Boda-bodas: essential for the last mile
Boda-boda motorcycles are unavoidable on any Ugandan journey that involves destinations not served by matatu routes — which includes most of the accommodation options near Bwindi, most village destinations off the main road network, and many attractions within towns that are too spread out to walk. Learning to use boda-bodas confidently significantly expands what is accessible on a budget itinerary.
Agree the fare before mounting. The standard boda-boda convention in Uganda is to negotiate before departure — the driver will quote a price, you counter if it seems high (using your knowledge of the expected fare from guesthouse staff or fellow travellers), and you agree a figure before moving. Avoid bodas driven by very young riders, who tend to be the most reckless. Always wear a helmet — ask the driver before departure and do not board a boda whose driver does not provide one. Serious head injuries are the most common severe consequence of boda-boda accidents. Many budget travellers carry their own helmets for this reason.
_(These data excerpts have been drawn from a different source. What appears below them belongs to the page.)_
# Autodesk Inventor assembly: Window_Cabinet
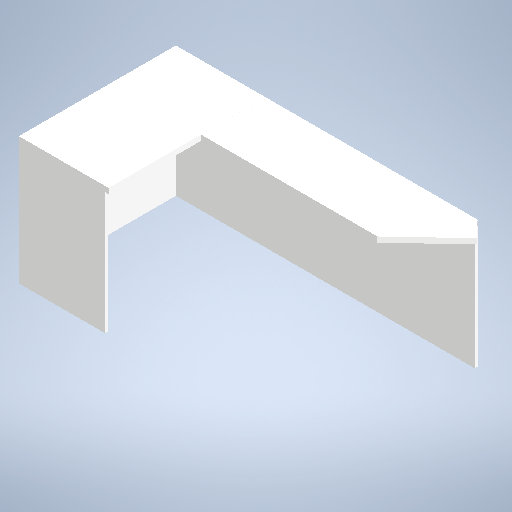
[picture p0: Inventor's stored thumbnail of the model, 512x512]
Saved by Autodesk Inventor 2025 (Build 290162000, 162)
## iProperties
Created: 2023-05-06
Part Number: Window_Cabinet
Document SubType Name: Assembly
Designer: Tom
Author: Tom
## Documents named in this file (6)
- C:\Users\Tom\Documents\Mobility\First_Floor\Window_Cabinet\Window_Cabinet.iam
- C:\Users\Tom\Documents\Mobility\First_Floor\Window_Cabinet\Plywood--0.75_x_34_x_77.25_in.ipt
- C:\Users\Tom\Documents\Mobility\First_Floor\Window_Cabinet\Butcher_Block--1.5_x_25_x_43.75_in.ipt
- C:\Users\Tom\Documents\Mobility\First_Floor\Window_Cabinet\Plywood--0.75_x_34_x_23.25_in.ipt
- C:\Users\Tom\Documents\Mobility\First_Floor\Window_Cabinet\Quartz_Countertop--1.5_x_18_x_63.34829.ipt
- C:\Users\Tom\Documents\Mobility\First_Floor\Window_Cabinet\Plywood--0.75_x_34_x_42.75_in.ipt
## Components (5 placed, 5 different names)
1. Plywood--0.75_x_34_x_77.25_in:1 — Flush:7, Mate:4, Mate:5, Mate:8, Flush:12, Flush:13, Flush:16
2. Plywood--0.75_x_34_x_23.25_in:2 — Flush:14, Flush:15, Mate:9
3. Butcher_Block--1.5_x_25_x_43.75_in:2 — Flush:7, Mate:4, Mate:6
4. Quartz_Countertop--1.5_x_18_x_63.34829:1 — Mate:5, Mate:6, Flush:16
5. Plywood--0.75_x_34_x_42.75_in:1 — Mate:8, Flush:12, Flush:13, Flush:14, Flush:15, Mate:9
## Relationships (11: Flush 6, Mate 5)
- Flush:7: Plywood--0.75_x_34_x_77.25_in:1 ↔ Butcher_Block--1.5_x_25_x_43.75_in:2
- Mate:4: Plywood--0.75_x_34_x_77.25_in:1 ↔ Butcher_Block--1.5_x_25_x_43.75_in:2
- Mate:5: Plywood--0.75_x_34_x_77.25_in:1 ↔ Quartz_Countertop--1.5_x_18_x_63.34829:1
- Mate:6: Butcher_Block--1.5_x_25_x_43.75_in:2 ↔ Quartz_Countertop--1.5_x_18_x_63.34829:1
- Mate:8: Plywood--0.75_x_34_x_77.25_in:1 ↔ Plywood--0.75_x_34_x_42.75_in:1
- Flush:12: Plywood--0.75_x_34_x_77.25_in:1 ↔ Plywood--0.75_x_34_x_42.75_in:1
- Flush:13: Plywood--0.75_x_34_x_77.25_in:1 ↔ Plywood--0.75_x_34_x_42.75_in:1
- Flush:14: Plywood--0.75_x_34_x_23.25_in:2 ↔ Plywood--0.75_x_34_x_42.75_in:1
- Flush:15: Plywood--0.75_x_34_x_23.25_in:2 ↔ Plywood--0.75_x_34_x_42.75_in:1
- Mate:9: Plywood--0.75_x_34_x_23.25_in:2 ↔ Plywood--0.75_x_34_x_42.75_in:1
- Flush:16: Plywood--0.75_x_34_x_77.25_in:1 ↔ Quartz_Countertop--1.5_x_18_x_63.34829:1

Public transport travel in Uganda is not the efficient, predictable experience of Northern European rail networks. It is crowded, sometimes slow, occasionally unpredictable, and always interesting. It puts you in contact with ordinary Ugandan life — the daily commutes, the market days, the long-haul journeys of traders and families — in a way that the bubble of private safari vehicles never does. For the right traveller, that contact is the point.